Vol. 5: Issue 2 | May 2017
The Virginia Legislature adjourned its regular session in February, after enacting several energy efficiency measures. House Bill 1565 authorizes localities to create green development zones with 10-year tax incentives to businesses in energy-efficient buildings or manufacturers of environmentally-beneficial products. Another bill, Senate Bill 990, requires annual reporting beginning in 2018 on the state’s energy reduction goal. The goal aims for a 10 percent reduction in retail electricity consumption by 2022, compared to a 2006 baseline. Other enacted legislation includes a sales tax holiday for Energy Star products and permitting cooperative procurement in energy savings performance contracts.

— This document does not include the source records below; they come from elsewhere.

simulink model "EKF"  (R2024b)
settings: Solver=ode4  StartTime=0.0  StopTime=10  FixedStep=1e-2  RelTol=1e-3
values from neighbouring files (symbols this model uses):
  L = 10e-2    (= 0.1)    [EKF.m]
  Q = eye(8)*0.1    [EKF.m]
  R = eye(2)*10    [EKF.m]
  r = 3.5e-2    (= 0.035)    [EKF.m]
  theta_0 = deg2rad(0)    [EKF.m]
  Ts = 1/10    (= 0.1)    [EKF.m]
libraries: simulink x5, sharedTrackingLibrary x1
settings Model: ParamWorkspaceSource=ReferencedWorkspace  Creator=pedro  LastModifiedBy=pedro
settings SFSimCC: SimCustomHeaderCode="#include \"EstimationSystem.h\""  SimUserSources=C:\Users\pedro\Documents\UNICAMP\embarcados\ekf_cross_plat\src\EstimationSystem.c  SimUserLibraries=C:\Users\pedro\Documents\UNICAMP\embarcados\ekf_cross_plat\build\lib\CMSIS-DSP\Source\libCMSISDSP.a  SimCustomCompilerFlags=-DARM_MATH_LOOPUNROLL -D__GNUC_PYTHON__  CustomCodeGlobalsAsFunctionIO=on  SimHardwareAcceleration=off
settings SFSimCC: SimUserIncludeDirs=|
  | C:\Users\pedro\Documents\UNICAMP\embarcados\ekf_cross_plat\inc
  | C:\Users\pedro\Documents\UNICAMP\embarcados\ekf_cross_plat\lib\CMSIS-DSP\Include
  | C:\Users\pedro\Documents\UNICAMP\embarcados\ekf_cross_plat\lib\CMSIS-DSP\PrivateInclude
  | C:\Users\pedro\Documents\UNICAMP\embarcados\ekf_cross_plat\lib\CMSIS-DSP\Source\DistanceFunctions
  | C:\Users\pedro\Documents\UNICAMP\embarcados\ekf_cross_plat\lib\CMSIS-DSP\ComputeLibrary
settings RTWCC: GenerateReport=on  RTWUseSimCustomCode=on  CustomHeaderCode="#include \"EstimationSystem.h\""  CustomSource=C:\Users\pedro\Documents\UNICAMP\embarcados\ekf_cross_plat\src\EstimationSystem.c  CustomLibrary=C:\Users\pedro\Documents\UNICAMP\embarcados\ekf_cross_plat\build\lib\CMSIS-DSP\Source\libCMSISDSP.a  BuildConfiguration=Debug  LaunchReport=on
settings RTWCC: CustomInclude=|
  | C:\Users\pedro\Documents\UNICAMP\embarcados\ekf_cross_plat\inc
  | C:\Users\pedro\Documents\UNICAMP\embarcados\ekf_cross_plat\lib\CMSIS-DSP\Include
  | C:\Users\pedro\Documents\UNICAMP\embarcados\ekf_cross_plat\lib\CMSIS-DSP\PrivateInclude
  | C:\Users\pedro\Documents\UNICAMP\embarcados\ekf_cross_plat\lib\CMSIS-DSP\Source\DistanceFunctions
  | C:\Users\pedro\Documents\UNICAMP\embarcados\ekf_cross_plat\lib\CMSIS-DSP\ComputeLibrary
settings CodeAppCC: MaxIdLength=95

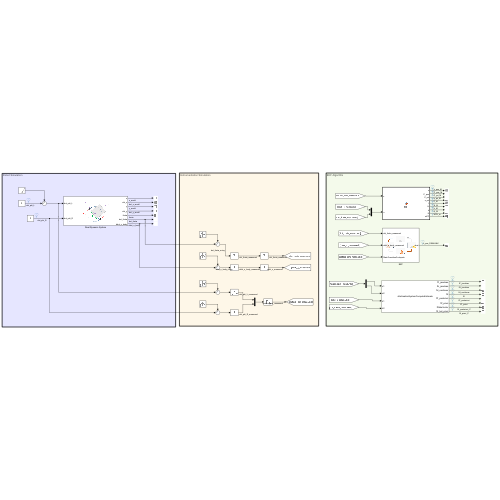
[thumbnail: Simulink's stored preview of the top-level diagram]
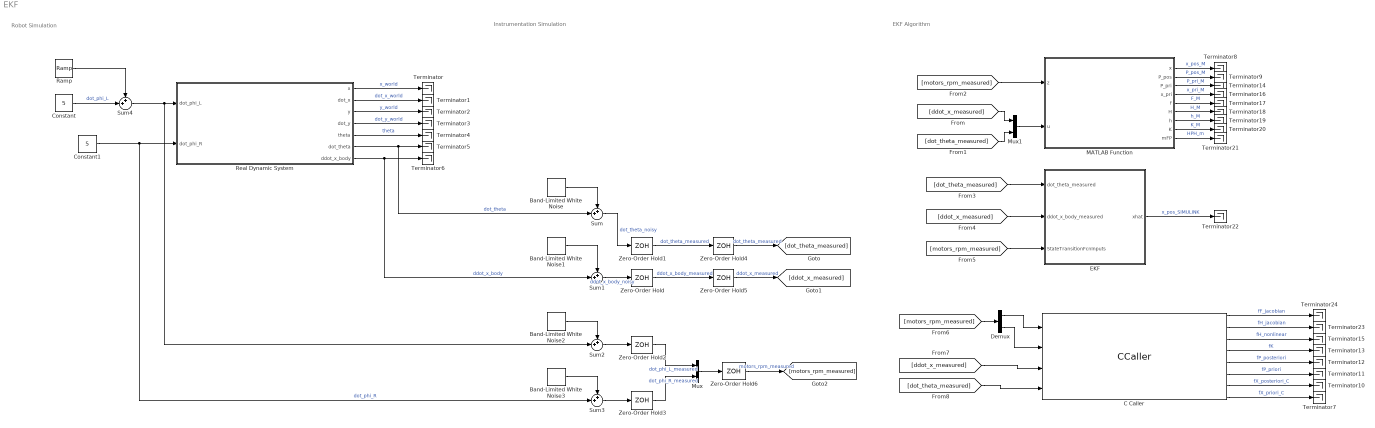
== system EKF ==
  note: EKF Algorithm
  note: Instrumentation Simulation
  note: Robot Simulation
  Band-Limited White Noise : simulink/Sources/Band-Limited White Noise  Cov=[0.0001]  Ts=0.1  seed=[23341]
  Band-Limited White Noise1 : simulink/Sources/Band-Limited White Noise  Cov=[0.0001]  Ts=0.1  seed=[23341]
  Band-Limited White Noise2 : simulink/Sources/Band-Limited White Noise  Cov=[0.001]  Ts=0.1  seed=[23341]
  Band-Limited White Noise3 : simulink/Sources/Band-Limited White Noise  Cov=[0.001]  Ts=0.1  seed=[23341]
  C Caller : CCaller  FunctionName=vEstimationSystemComputeEstimate  PortSpecificationStruct="%)30     .     !4   8    (     @         %    \"     P    !     0         %  0 \"0    $    _    07)G3F%M90  4&]R=$YA;64 4V-O<&4     26YD97@     5'EP90      4VEZ90      27-';&]B86P   X    P    !@    @    $          4    (     0    (    !         !   @!U,0  #@   #     &    \"     0         !0    @    !     @    $         $  \" '4Q   .    .     8    (    !          %    \"     $    %     0         0  ...(+6883 chars)"  SampleTime=Ts
  Constant : Constant  Value=5
  Constant1 : Constant  Value=5
  Demux : Demux  Outputs=2
  EKF : Subsystem
      mask Display: image('EKF_icon.png', [0,0,0,0,90,90]);
  MATLAB Function : MATLAB Function  TreatAsAtomicUnit=on
  Mux : Mux  Inputs=2
  Mux1 : Mux  Inputs=2
  Ramp : simulink/Sources/Ramp  slope=1  start=2  InitialOutput=0
  Real Dynamic System : Subsystem
      mask Display: image('robot_model.png', [0,0,0,0,90,90]);
  Sum{,1..4} (5 alike) : Sum  Inputs=++|
  Terminator{,1..24} (25 alike) : Terminator
  Zero-Order Hold{,1..6} (7 alike) : ZeroOrderHold  SampleTime=Ts
  wires:
  Constant/1 -> Sum4/2  "dot_phi_L"
  Constant1/1 -> Real Dynamic System/2(dot_phi_R), Sum3/2  "dot_phi_R"
  Real Dynamic System/1(x) -> Terminator/1  "x_world"
  Real Dynamic System/2(dot_x) -> Terminator1/1  "dot_x_world"
  Real Dynamic System/3(y) -> Terminator2/1  "y_world"
  Real Dynamic System/4(dot_y) -> Terminator3/1  "dot_y_world"
  Real Dynamic System/5(theta) -> Terminator4/1  "theta"
  Real Dynamic System/6(dot_theta) -> Sum/2, Terminator5/1  "dot_theta"
  Real Dynamic System/7(ddot_x_body) -> Sum1/2, Terminator6/1  "ddot_x_body"
  Band-Limited White Noise/1 -> Sum/1
  Sum/1 -> Zero-Order Hold1/1  "dot_theta_noisy"
  Band-Limited White Noise1/1 -> Sum1/1
  Sum1/1 -> Zero-Order Hold/1  "ddot_x_body_noisy"
  Band-Limited White Noise2/1 -> Sum2/1
  Band-Limited White Noise3/1 -> Sum3/1
  Sum2/1 -> Zero-Order Hold2/1
  Sum3/1 -> Zero-Order Hold3/1
  Mux/1 -> Zero-Order Hold6/1
  Zero-Order Hold1/1 -> Zero-Order Hold4/1  "dot_theta_measured"
  Zero-Order Hold/1 -> Zero-Order Hold5/1  "ddot_x_body_measured"
  Zero-Order Hold2/1 -> Mux/1  "dot_phi_L_measured"
  Zero-Order Hold3/1 -> Mux/2  "dot_phi_R_measured"
  Zero-Order Hold4/1 -> [dot_theta_measured]  "dot_theta_measured"
  Zero-Order Hold5/1 -> [ddot_x_measured]  "ddot_x_measured"
  Zero-Order Hold6/1 -> [motors_rpm_measured]  "motors_rpm_measured"
  Sum4/1 -> Sum2/2, Real Dynamic System/1(dot_phi_L)
  Ramp/1 -> Sum4/1
  MATLAB Function/1(x) -> Terminator8/1  "x_pos_M"
  [ddot_x_measured] -> Mux1/1
  [dot_theta_measured] -> Mux1/2
  [dot_theta_measured] -> EKF/1(dot_theta_measured)
  [ddot_x_measured] -> EKF/2(ddot_x_body_measured)
  [motors_rpm_measured] -> EKF/3(StateTransitionFcnInputs)
  [motors_rpm_measured] -> Demux/1
  Demux/1 -> C Caller/1
  Demux/2 -> C Caller/2
  [ddot_x_measured] -> C Caller/3
  [dot_theta_measured] -> C Caller/4
  Mux1/1 -> MATLAB Function/2(u)
  [motors_rpm_measured] -> MATLAB Function/1(z)
  MATLAB Function/2(P_pos) -> Terminator9/1  "P_pos_M"
  MATLAB Function/3(P_pri) -> Terminator14/1  "P_pri_M"
  MATLAB Function/4(x_pri) -> Terminator16/1  "x_pri_M"
  MATLAB Function/5(f) -> Terminator17/1  "F_M"
  MATLAB Function/6(H) -> Terminator18/1  "H_M"
  MATLAB Function/7(h) -> Terminator19/1  "h_M"
  MATLAB Function/8(K) -> Terminator20/1  "K_M"
  MATLAB Function/9(mFP) -> Terminator21/1  "HPH_m"
  EKF/1(xhat) -> Terminator22/1  "x_pos_SIMULINK"
  C Caller/8 -> Terminator7/1  "fX_priori_C"
  C Caller/7 -> Terminator10/1  "fX_posteriori_C"
  C Caller/6 -> Terminator11/1  "fP_priori"
  C Caller/5 -> Terminator12/1  "fP_posteriori"
  C Caller/4 -> Terminator13/1  "fK"
  C Caller/3 -> Terminator15/1  "fH_nonlinear"
  C Caller/2 -> Terminator23/1  "fH_jacobian"
  C Caller/1 -> Terminator24/1  "fF_jacobian"

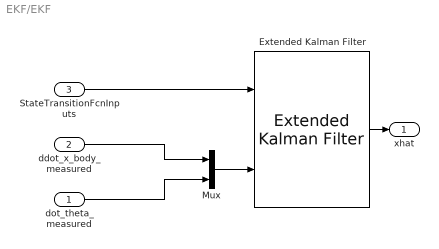
== system EKF/EKF ==
  dot_theta_measured : Inport
  ddot_x_body_measured : Inport  Port=2
  StateTransitionFcnInputs : Inport  Port=3
  Extended Kalman Filter : sharedTrackingLibrary/Extended Kalman Filter  StateTransitionFcn=DifferentialRobotModel  HasStateTransitionJacobianFcn=on  StateTransitionJacobianFcn=A_Jacobian  HasAdditiveProcessNoise=Additive  ProcessNoise=eye(8)*0.1  HasTimeVaryingProcessNoise=off  HasStateTransitionFcnExtraArgument=1  InitialState=states_0  InitialStateCovariance=eye(8)*0.1  MeasurementFcn1=OBSERVATION_h  HasMeasurementJacobianFcn1=on  MeasurementJacobianFcn1=H_jacobian  HasMeasurementEnablePort1=off  HasAdditiveMeasurementNoise1=Additive  MeasurementNoise1=eye(2)*10  HasTimeVaryingMeasurementNoise1=off  HasMeasurementFcnExtraArgument1=0  HasMeasurementWrapping1=off  MeasurementFcn2=OBSERVATION_x_ddot_body  HasMeasurementJacobianFcn2=off  HasMeasurementEnablePort2=off  HasAdditiveMeasurementNoise2=Additive  MeasurementNoise2=0.1  HasTimeVaryingMeasurementNoise2=off  HasMeasurementFcnExtraArgument2=0  HasMeasurementWrapping2=off  MeasurementFcn3=myMeasurementFcn  HasMeasurementJacobianFcn3=off  HasMeasurementEnablePort3=off  HasAdditiveMeasurementNoise3=Additive  MeasurementNoise3=1  HasTimeVaryingMeasurementNoise3=off  HasMeasurementFcnExtraArgument3=0  HasMeasurementWrapping3=off  MeasurementFcn4=myMeasurementFcn  HasMeasurementJacobianFcn4=off  HasMeasurementEnablePort4=off  HasAdditiveMeasurementNoise4=Additive  MeasurementNoise4=1  HasTimeVaryingMeasurementNoise4=off  HasMeasurementFcnExtraArgument4=0  HasMeasurementWrapping4=off  MeasurementFcn5=myMeasurementFcn  HasMeasurementJacobianFcn5=off  HasMeasurementEnablePort5=off  HasAdditiveMeasurementNoise5=Additive  MeasurementNoise5=1  HasTimeVaryingMeasurementNoise5=off  HasMeasurementFcnExtraArgument5=0  HasMeasurementWrapping5=off  EnableMultirate=off  StateTransitionFcnSampleTime=1  MeasurementFcn1SampleTime=1  MeasurementFcn2SampleTime=1  MeasurementFcn3SampleTime=1  MeasurementFcn4SampleTime=1  MeasurementFcn5SampleTime=1  UseCurrentEstimator=on  OutputStateCovariance=off  DataType=double  SampleTime=Ts  NumberOfMeasurements=1
  Mux : Mux  Inputs=2
  xhat : Outport
  wires:
  Extended Kalman Filter/1 -> xhat/1
  StateTransitionFcnInputs/1 -> Extended Kalman Filter/1
  Mux/1 -> Extended Kalman Filter/2
  dot_theta_measured/1 -> Mux/2
  ddot_x_body_measured/1 -> Mux/1

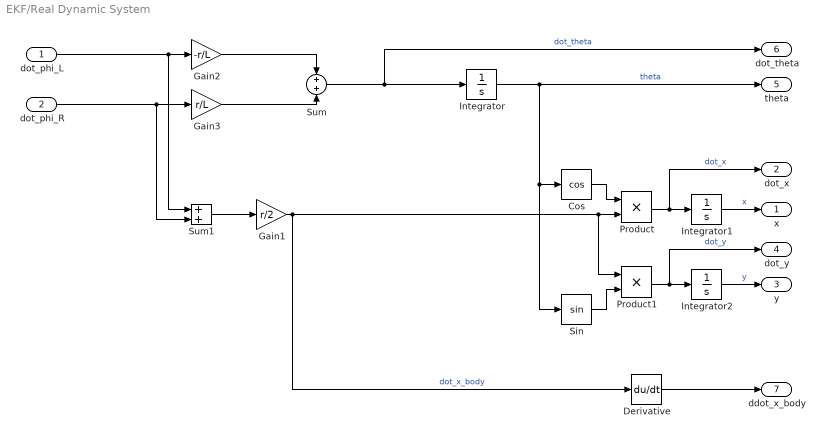
== system EKF/Real Dynamic System ==
  dot_phi_L : Inport
  dot_phi_R : Inport  Port=2
  Cos : Trigonometry  Operator=cos
  Derivative : Derivative
  Gain1 : Gain  Gain=r/2
  Gain2 : Gain  Gain=-r/L
  Gain3 : Gain  Gain=r/L
  Integrator : Integrator  InitialCondition=theta_0
  Integrator1 : Integrator
  Integrator2 : Integrator
  Product : Product
  Product1 : Product
  Sin : Trigonometry
  Sum : Sum  Inputs=+|+
  Sum1 : Sum
  x : Outport
  dot_x : Outport  Port=2
  y : Outport  Port=3
  dot_y : Outport  Port=4
  theta : Outport  Port=5
  dot_theta : Outport  Port=6
  ddot_x_body : Outport  Port=7
  wires:
  dot_phi_L/1 -> Sum1/1, Gain2/1
  Product1/1 -> dot_y/1, Integrator2/1  "dot_y"
  Cos/1 -> Product/1
  Integrator/1 -> theta/1, Sin/1, Cos/1  "theta"
  Gain3/1 -> Sum/2
  Product/1 -> dot_x/1, Integrator1/1  "dot_x"
  Gain1/1 -> Derivative/1, Product1/1, Product/2  "dot_x_body"
  Sum1/1 -> Gain1/1
  dot_phi_R/1 -> Sum1/2, Gain3/1
  Gain2/1 -> Sum/1
  Sum/1 -> dot_theta/1, Integrator/1  "dot_theta"
  Integrator1/1 -> x/1  "x"
  Integrator2/1 -> y/1  "y"
  Sin/1 -> Product1/2
  Derivative/1 -> ddot_x_body/1

== matlab function EKF/MATLAB Function ==
  data: z input; u input; x output; P_pos output; P_pri output; x_pri output; R parameter; Q parameter; f output; H output size=[2 8]; h output size=[2 1]; K output; mFP output
function [x, P_pos, P_pri, x_pri, f, H, h, K, mFP] = fcn(z,u, R, Q)

[x, P_pos, P_pri, x_pri, f, H, h, K, mFP] = EKF_algo(z, u, R, Q);
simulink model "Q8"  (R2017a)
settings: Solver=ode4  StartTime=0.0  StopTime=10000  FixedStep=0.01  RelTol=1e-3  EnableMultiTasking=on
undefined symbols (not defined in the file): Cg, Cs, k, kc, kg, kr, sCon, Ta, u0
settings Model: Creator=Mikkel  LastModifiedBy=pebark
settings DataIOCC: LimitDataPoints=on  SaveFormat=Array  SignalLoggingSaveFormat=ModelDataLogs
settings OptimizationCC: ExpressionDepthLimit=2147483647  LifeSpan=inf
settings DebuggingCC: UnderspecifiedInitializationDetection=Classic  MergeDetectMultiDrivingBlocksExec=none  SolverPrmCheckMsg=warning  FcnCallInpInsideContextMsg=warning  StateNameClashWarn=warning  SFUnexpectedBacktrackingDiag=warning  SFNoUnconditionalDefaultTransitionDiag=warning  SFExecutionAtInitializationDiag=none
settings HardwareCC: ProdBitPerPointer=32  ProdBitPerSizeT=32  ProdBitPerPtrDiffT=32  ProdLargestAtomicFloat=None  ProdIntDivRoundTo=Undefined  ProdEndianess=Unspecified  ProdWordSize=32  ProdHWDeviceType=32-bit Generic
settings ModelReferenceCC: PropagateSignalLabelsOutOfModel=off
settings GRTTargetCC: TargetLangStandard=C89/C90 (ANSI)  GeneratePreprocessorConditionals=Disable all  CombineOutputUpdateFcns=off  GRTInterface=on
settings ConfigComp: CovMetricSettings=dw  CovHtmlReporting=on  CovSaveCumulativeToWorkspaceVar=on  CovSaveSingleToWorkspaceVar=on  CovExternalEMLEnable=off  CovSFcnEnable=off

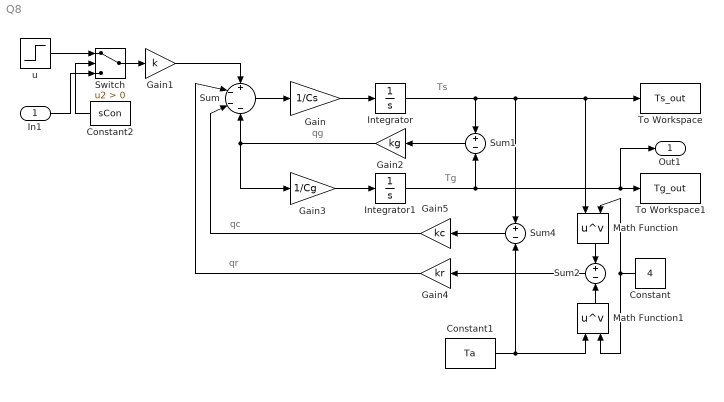
== system Q8 ==
  note: qg
  note: Ts
  note: Tg
  note: qr
  note: qc
  In1 : Inport
  Constant : Constant  Value=4
  Constant1 : Constant  Value=Ta
  Constant2 : Constant  Value=sCon
  Gain : Gain  Gain=1/Cs
  Gain1 : Gain  Gain=k
  Gain2 : Gain  Gain=kg
  Gain3 : Gain  Gain=1/Cg
  Gain4 : Gain  Gain=kr
  Gain5 : Gain  Gain=kc
  Integrator : Integrator  Priority=1  InitialCondition=473.15
  Integrator1 : Integrator  Priority=2  InitialCondition=298.15
  Math Function : Math  Operator=pow  SaturateOnIntegerOverflow=on
  Math Function1 : Math  Operator=pow  SaturateOnIntegerOverflow=on
  Sum : Sum  Inputs=+---
  Sum1 : Sum  Inputs=+-
  Sum2 : Sum  Inputs=+-
  Sum4 : Sum  Inputs=+-
  Switch : Switch  Criteria=u2 > Threshold
  To Workspace : ToWorkspace  VariableName=Ts_out  SaveFormat=Structure With Time  SampleTime=-1
  To Workspace1 : ToWorkspace  VariableName=Tg_out  SaveFormat=Structure With Time  SampleTime=-1
  u : Step  Time=0  Before=u0  After=u0  SampleTime=0
  Out1 : Outport
  wires:
  Gain/1 -> Integrator/1
  Sum/1 -> Gain/1
  Integrator/1 -> Sum1/1, Sum4/1, Math Function/1, To Workspace/1
  Sum1/1 -> Gain2/1
  Gain2/1 -> Gain3/1, Sum/4
  Gain3/1 -> Integrator1/1
  Integrator1/1 -> Sum1/2, To Workspace1/1, Out1/1
  Gain4/1 -> Sum/2
  Sum2/1 -> Gain4/1
  Gain1/1 -> Sum/1
  Math Function/1 -> Sum2/1
  Constant/1 -> Math Function/2, Math Function1/2
  Math Function1/1 -> Sum2/2
  Sum4/1 -> Gain5/1
  Gain5/1 -> Sum/3
  Switch/1 -> Gain1/1
  u/1 -> Switch/1
  In1/1 -> Switch/3
  Constant1/1 -> Sum4/2, Math Function1/1
  Constant2/1 -> Switch/2
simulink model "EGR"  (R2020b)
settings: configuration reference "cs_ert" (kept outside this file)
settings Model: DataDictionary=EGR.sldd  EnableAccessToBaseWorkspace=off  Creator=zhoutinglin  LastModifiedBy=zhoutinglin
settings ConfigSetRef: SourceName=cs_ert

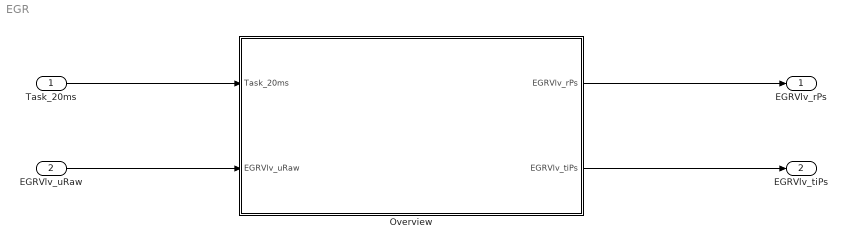
== system EGR ==
  Task_20ms : Inport  OutputFunctionCall=on
  EGRVlv_uRaw : Inport  Port=2
  Overview : Subsystem
  EGRVlv_rPs : Outport
  EGRVlv_tiPs : Outport  Port=2
  wires:
  Task_20ms/1 -> Overview/1(Task_20ms)
  EGRVlv_uRaw/1 -> Overview/2(EGRVlv_uRaw)
  Overview/1(EGRVlv_rPs) -> EGRVlv_rPs/1
  Overview/2(EGRVlv_tiPs) -> EGRVlv_tiPs/1

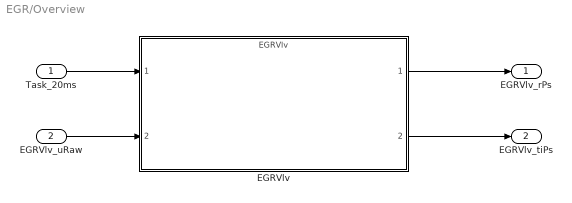
== system EGR/Overview ==
  Task_20ms : Inport
  EGRVlv_uRaw : Inport  Port=2
  EGRVlv : ModelReference  ModelNameDialog=EGRVlv  SimulationMode=Normal  ScheduleRates=on  ModelReferenceVersion=6.0
  EGRVlv_rPs : Outport
  EGRVlv_tiPs : Outport  Port=2
  wires:
  Task_20ms/1 -> EGRVlv/1
  EGRVlv_uRaw/1 -> EGRVlv/2
  EGRVlv/1 -> EGRVlv_rPs/1
  EGRVlv/2 -> EGRVlv_tiPs/1

It’s been a busy year for policies that support nuclear power. Illinois and New York approved measures in late 2016 to provide financial support to struggling nuclear power plants—lawsuits contesting those policies had hardly been filed before the conversation moved to other states. The most common policy being considered is Zero Emissions Credits (ZECs) which provide payments based on the amount of carbon-free electricity generated. So far, ZECs bills have been introduced in New Jersey (S.B. 3061 and A.B. 4698) and Ohio (S.B. 128). Connecticut is considering a bill (S.B. 106) that would allow the state’s only nuclear plant to bypass wholesale markets and contract directly with utilities, while bills in New Mexico and Washington would reclassify nuclear power more favorably. Kentucky became the latest state to end its moratorium on nuclear power, and Michigan lawmakers passed a resolution urging state regulators to reject plans to prematurely close the Palisades nuclear plant. The dialogue has also picked up in Pennsylvania with the creation of the first bipartisan, bicameral Nuclear Energy Caucus, with 15 senators and 48 representatives. NCSL staff testified before the caucus’ first meeting and highlighted the new report, “State Options to Keep Nuclear in the Energy Mix.”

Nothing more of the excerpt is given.